─── INPUT DATA ───
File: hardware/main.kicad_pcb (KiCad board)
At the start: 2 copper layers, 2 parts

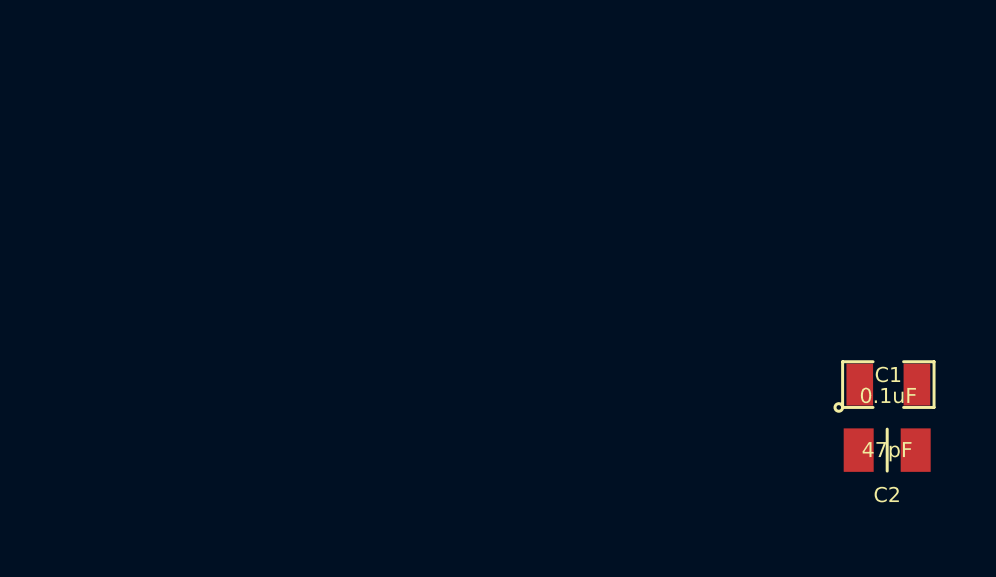
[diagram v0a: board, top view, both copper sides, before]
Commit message: 2-pin header
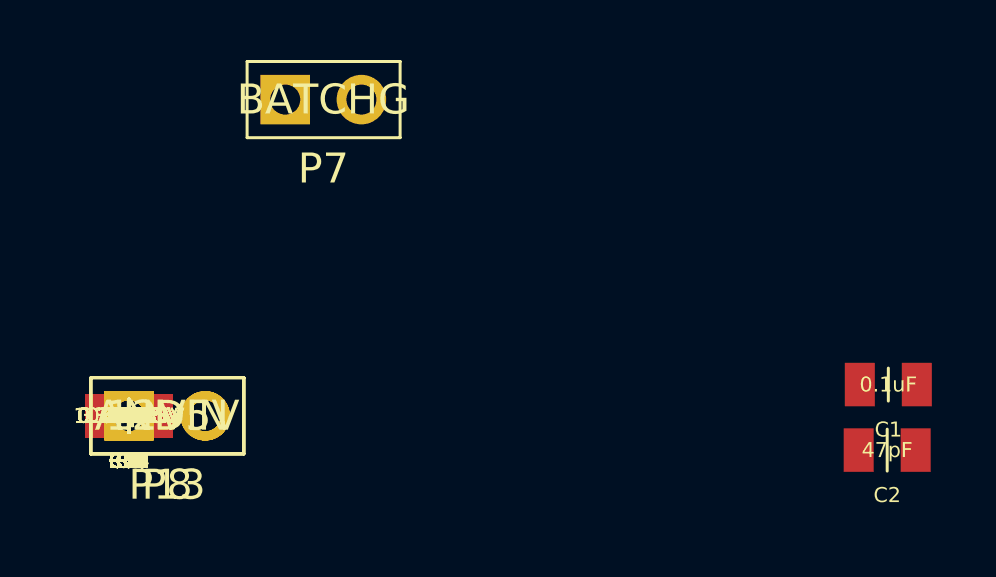
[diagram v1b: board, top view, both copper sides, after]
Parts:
- added C10, C14, C16, C18, C19, C22, C35, C38, C39, C4, C40, C42, C45, C5, C7, C8, C9: 0.1uF, CAPC2012X100N, F.Cu at (123.2, 106.0)
- added C11, C6: 18pF, CAPC2012X100N, F.Cu at (123.2, 106.0)
- added C13, C27, C28, C29, C30, C31, C32, C33, C34: 0.1uF 35V, CAPC2012X100N, F.Cu at (123.2, 106.0)
- added C20: 6.8nF, CAPC2012X100N, F.Cu at (123.2, 106.0)
- added C23, C24: 33nF 35V, CAPC2012X100N, F.Cu at (123.2, 106.0)
- added C25, C26: 100uF 35V, CAPC2012X100N, F.Cu at (123.2, 106.0)
- added C3, C36, C37: 47pF, CAPC2012X100N, F.Cu at (123.2, 106.0)
- added C41, C44: 12pF, CAPC2012X100N, F.Cu at (123.2, 106.0)
- added C43: 4.7uF, CAPC2012X100N, F.Cu at (123.2, 106.0)
- added P13: AND5V, HDRV2W66P254_1X2_508X249X838P, F.Cu at (123.2, 106.0)
- added P7: BATCHG, HDRV2W66P254_1X2_508X249X838P, F.Cu at (128.4, 95.5)
- added P8: 12VIN, HDRV2W66P254_1X2_508X249X838P, F.Cu at (123.2, 106.0)
- added R1, R2, R26, R27, R28, R29, R30, R31, R32, R33, R34, R35, R36, R37, R42, R6, R8: 10K, RESC2012X100N, F.Cu at (123.2, 106.0)
- added R10, R11, R12, R13, R3, R9: 1K, RESC2012X100N, F.Cu at (123.2, 106.0)
- added R14: 0.4, RESC2012X100N, F.Cu at (123.2, 106.0)
- added R15: 760, RESC2012X100N, F.Cu at (123.2, 106.0)
- added R16: 590R, RESC2012X100N, F.Cu at (123.2, 106.0)
- added R17, R18, R19: ???, RESC2012X100N, F.Cu at (123.2, 106.0)
- added R20: 46K, RESC2012X100N, F.Cu at (123.2, 106.0)
- added R21, R43: 100R, RESC2012X100N, F.Cu at (123.2, 106.0)
- added R22: 100k, RESC2012X100N, F.Cu at (123.2, 106.0)
- added R23: 6.8k, RESC2012X100N, F.Cu at (123.2, 106.0)
- added R24: 45.3k, RESC2012X100N, F.Cu at (123.2, 106.0)
- added R25: 10k, RESC2012X100N, F.Cu at (123.2, 106.0)
- added R38, R39: 270R, RESC2012X100N, F.Cu at (123.2, 106.0)
- added R4, R5: 22R, RESC2012X100N, F.Cu at (123.2, 106.0)
- added R40, R41: 27R, RESC2012X100N, F.Cu at (123.2, 106.0)
- added R44: 0R, RESC2012X100N, F.Cu at (123.2, 106.0)
- added R7: 1.5K, RESC2012X100N, F.Cu at (123.2, 106.0)
- C1: footprint SM0805 -> CAPC2012X100N

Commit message: more pcb work
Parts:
- added BT1, BT2: BATTERY, EMPTY, F.Cu at (105.2, 118.9)
- added C12: 100uF 35V, CAPAE660X790N, F.Cu at (111.8, 128.5)
- added C15: 100uF, CAPAE660X790N, F.Cu at (96.9, 105.3)
- added C17: 100uF 15V, CAPAE660X790N, F.Cu at (109.3, 108.1)
- added C21: 100uF, CAPAE660X790N, F.Cu at (94.7, 130.0)
- added D1: DIODE, DIOM5226X220N, F.Cu at (106.3, 140.3)
- added D2: PWR, LEDC3216X100N, F.Cu at (105.2, 118.9)
- added D3: LED, LEDC3216X100N, F.Cu at (104.3, 127.8)
- added M1: Mounting Hole, MTGNP565H328Z565P, F.Cu at (94.9, 119.9)
- added M2: Mounting Hole, MTGNP565H328Z565P, F.Cu at (118.2, 118.2)
- added M3: Mounting Hole, MTGNP565H328Z565P, F.Cu at (112.0, 120.4)
- added M4: Mounting Hole, MTGNP565H328Z565P, F.Cu at (116.8, 138.9)
- added P1: VBAT-TEST, HDRV1W66P254_1X1_254X249X838P, F.Cu at (130.0, 81.3)
- added P11: MOTOR-R, TECONN-2-1445098-2, F.Cu at (44.3, 101.0)
- added P12: MOTOR-L, TECONN-2-1445098-2, F.Cu at (43.1, 120.3)
- added P14: P24, HDRV24W66P254_2X12_3048X503X838P, F.Cu at (125.2, 134.4)
- added P2: USB-VBUS, HDRV1W66P254_1X1_254X249X838P, F.Cu at (130.0, 81.3)
- added P3: SERVO-TILT, HDRV3W66P254_1X3_762X249X838P, F.Cu at (115.1, 76.3)
- added P4: JTAG10, HDRV10W66P254_2X5_1270X503X838P, F.Cu at (141.9, 89.3)
- added P5: POWER-CHARGE, TECONN-2-1445098-2, F.Cu at (59.4, 125.5)
- added P6: POWER, HDRV4W66P254_1X4_1016X249X838P, F.Cu at (135.6, 74.7)
- added P9: BAT, TECONN-2-1445098-3, F.Cu at (67.1, 100.5)

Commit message: qfp48
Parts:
- added Q1: ZXMP2120FFTA, SOT95P237X112_123-3N, F.Cu at (172.6, 119.1)
- added Q2: BD242CG, TO254P1512X997X450-123-3P, F.Cu at (185.3, 98.3)
- added Q3: IRLML2803TRPBF, SOT95P237X112_123-3N, F.Cu at (200.0, 116.6)
- added Q4: IRLML2803TRPBF, SOT95P237X112_123-3N, F.Cu at (190.6, 113.3)
- added S1: BTN_SPST, CKCOMP-PTS525SM10SMTR, F.Cu at (187.8, 125.0)
- added U1: STM32F102C6, QFP50P900X900X160-48N, F.Cu at (184.0, 79.0)

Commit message: more footprints
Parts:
- added U2: BQ24450, SOIC127P1030X265-16N, F.Cu at (63.0, 70.1)
- added U4: AP6502, SOIC127P600X150-9N, F.Cu at (78.7, 55.4)
- added U5: 7408, SOIC127P600X175-14N, F.Cu at (92.3, 56.8)
- added X1: 8MHz, XTAL8045X200N, F.Cu at (77.5, 82.3)
- added X2: 12MHz, XTAL8045X200N, F.Cu at (86.4, 71.9)

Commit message: new packages
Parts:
- added U8: FT312D, QFP80P900X900X160-32N, F.Cu at (172.3, 73.7)
- Q2: footprint TO254P1512X997X450-123-3P -> TO254P1512X997X450-231-3P
- moved U1 11.4 mm to (194.2, 84.1)

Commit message: pqfn
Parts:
- added U3: ZLDO1117, SOT230P700X180-4N, F.Cu at (221.7, 70.1)

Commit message: new pcb
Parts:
- added FB1: MH2029-300Y, INDC2012X110N, F.Cu at (180.0, 143.4)
- added J1: USB_DEBUG, JST_UB-MC5BR3-SD204-4S-NMP, F.Cu at (125.2, 111.3)
- added J2: USB_TO_ANDROID, JST_UB-MC5BR3-SD204-4S-NMP, F.Cu at (138.9, 111.3)
- added L1: 68uH, IND_ASPI-8040S-680M-T, F.Cu at (164.7, 85.3)
- added U6: MC33926, PQFN80P800X800X220-33N, F.Cu at (124.7, 98.6)
- added U7: MC33926, PQFN80P800X800X220-33N, F.Cu at (201.2, 85.3)
- moved U2 139.9 mm to (202.8, 66.9)
- moved P9 122.6 mm to (186.1, 70.9)
- moved U4 116.5 mm to (182.2, 108.8)
- moved P12 111.0 mm to (150.0, 90.6)
- moved BT2 97.4 mm to (199.3, 144.1)
- moved P11 94.4 mm to (138.2, 90.6)
- moved X2 94.0 mm to (172.8, 108.6)
- moved U5 93.3 mm to (175.5, 99.1)
- moved BT1 89.3 mm to (190.8, 144.1)
- moved X1 88.7 mm to (162.2, 108.6)
- moved P1 86.6 mm to (205.5, 123.8)
- moved R4 83.9 mm to (199.9, 140.0)
- moved P3 83.8 mm to (189.1, 115.6)
- moved D3 83.4 mm to (187.6, 123.6)
- moved M3 82.7 mm to (193.9, 108.8)
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
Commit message: layout
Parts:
- C25, C26: footprint CAPC2012X100N -> CAPAE660X790N
- moved U2 174.5 mm to (30.1, 91.4)
- moved R14 160.5 mm to (42.5, 93.5)
- moved C43 153.6 mm to (272.4, 81.7)
- moved C42 153.1 mm to (273.2, 74.9)
- moved M1 151.9 mm to (247.7, 24.6)
- moved U4 151.3 mm to (38.0, 154.6)
- moved R43 150.4 mm to (256.5, 51.2)
- moved R15 149.1 mm to (49.4, 96.6)
- moved R16 144.0 mm to (48.9, 103.0)
- moved C1 143.3 mm to (275.3, 160.1)
- moved R22 142.6 mm to (26.8, 165.7)
- moved L1 142.6 mm to (29.7, 131.3)
- moved J2 140.2 mm to (268.0, 56.5)
- moved R17 139.6 mm to (47.9, 110.7)
- moved U3 137.9 mm to (87.1, 178.6)
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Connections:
- P11 pad 1: N-00000110 -> /Motor Controllers/MOTOR-L-OUT2
- P11 pad 2: N-00000109 (its old number) -> /Motor Controllers/MOTOR-L-OUT1
- P12 pad 1: N-0000089 -> /Motor Controllers/MOTOR-R-OUT2
- P12 pad 2: N-0000081 (its old number) -> /Motor Controllers/MOTOR-R-OUT1
- U6 pad 12: N-00000110 -> /Motor Controllers/MOTOR-L-OUT1
- U6 pad 13: N-00000110 -> /Motor Controllers/MOTOR-L-OUT1
- U6 pad 14: N-00000110 -> /Motor Controllers/MOTOR-L-OUT1
- U6 pad 15: N-00000110 -> /Motor Controllers/MOTOR-L-OUT1
- U6 pad 27: N-00000109 (its old number) -> /Motor Controllers/MOTOR-L-OUT2
- U6 pad 28: N-00000109 (its old number) -> /Motor Controllers/MOTOR-L-OUT2
- U6 pad 29: N-00000109 (its old number) -> /Motor Controllers/MOTOR-L-OUT2
- U6 pad 30: N-00000109 (its old number) -> /Motor Controllers/MOTOR-L-OUT2
- U7 pad 12: N-0000089 -> /Motor Controllers/MOTOR-R-OUT1
- U7 pad 13: N-0000089 -> /Motor Controllers/MOTOR-R-OUT1
- U7 pad 14: N-0000089 -> /Motor Controllers/MOTOR-R-OUT1
- U7 pad 15: N-0000089 -> /Motor Controllers/MOTOR-R-OUT1
- U7 pad 27: N-0000081 (its old number) -> /Motor Controllers/MOTOR-R-OUT2
- U7 pad 28: N-0000081 (its old number) -> /Motor Controllers/MOTOR-R-OUT2
- U7 pad 29: N-0000081 (its old number) -> /Motor Controllers/MOTOR-R-OUT2
- U7 pad 30: N-0000081 (its old number) -> /Motor Controllers/MOTOR-R-OUT2
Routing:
- net +24V: track 0.00 -> 187.6 mm
- net +3.3V: track 0.00 -> 111.6 mm, vias 0 -> 5
- net /Motor Controllers/EN: track 0.00 -> 105.4 mm, vias 0 -> 4
- net /Motor Controllers/MOTOR-R-PWM: track 0.00 -> 62.5 mm, vias 0 -> 2
- net GND: track 0.00 -> 57.4 mm, vias 0 -> 1
- net /Motor Controllers/MOTOR-R-DIR: track 0.00 -> 55.2 mm, vias 0 -> 2
- net /Motor Controllers/MOTOR-L-PWM: track 0.00 -> 52.6 mm
- net /Motor Controllers/MOTOR-L-DIR: track 0.00 -> 39.8 mm
- net N-0000096: track 0.00 -> 24.1 mm, vias 0 -> 4
- net N-0000087: track 0.00 -> 19.4 mm, vias 0 -> 2
- net N-0000097: track 0.00 -> 16.9 mm, vias 0 -> 2
- net /Motor Controllers/MOTOR-L-OUT1: track 0.00 -> 15.5 mm
- net /Motor Controllers/MOTOR-L-OUT2: track 0.00 -> 15.5 mm
- net /Motor Controllers/MOTOR-R-OUT2: track 0.00 -> 15.5 mm
- net /Motor Controllers/MOTOR-R-OUT1: track 0.00 -> 15.4 mm
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- added copper zone on B.Cu, net GND
- added copper zone on F.Cu, net GND
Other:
- net class Default: clearance 0.254 -> 0.2032; trace_width 0.254 -> 0.2032
- rule trace_clearance: 0.254 -> 0.2032
- rule trace_min: 0.254 -> 0.1524
- rule via_min_drill: 0.508 -> 0.3302
- rule via_min_size: 0.889 -> 0.6858
───
#### [WHAT YOU NEED TO DO]
The answer is each line in which the word "number" occurs, copied from the material above.

#### [OUTPUT FOR THIS TASK]
- P11 pad 2: N-00000109 (its old number) -> /Motor Controllers/MOTOR-L-OUT1
- P12 pad 2: N-0000081 (its old number) -> /Motor Controllers/MOTOR-R-OUT1
- U6 pad 27: N-00000109 (its old number) -> /Motor Controllers/MOTOR-L-OUT2
- U6 pad 28: N-00000109 (its old number) -> /Motor Controllers/MOTOR-L-OUT2
- U6 pad 29: N-00000109 (its old number) -> /Motor Controllers/MOTOR-L-OUT2
- U6 pad 30: N-00000109 (its old number) -> /Motor Controllers/MOTOR-L-OUT2
- U7 pad 27: N-0000081 (its old number) -> /Motor Controllers/MOTOR-R-OUT2
- U7 pad 28: N-0000081 (its old number) -> /Motor Controllers/MOTOR-R-OUT2
- U7 pad 29: N-0000081 (its old number) -> /Motor Controllers/MOTOR-R-OUT2
- U7 pad 30: N-0000081 (its old number) -> /Motor Controllers/MOTOR-R-OUT2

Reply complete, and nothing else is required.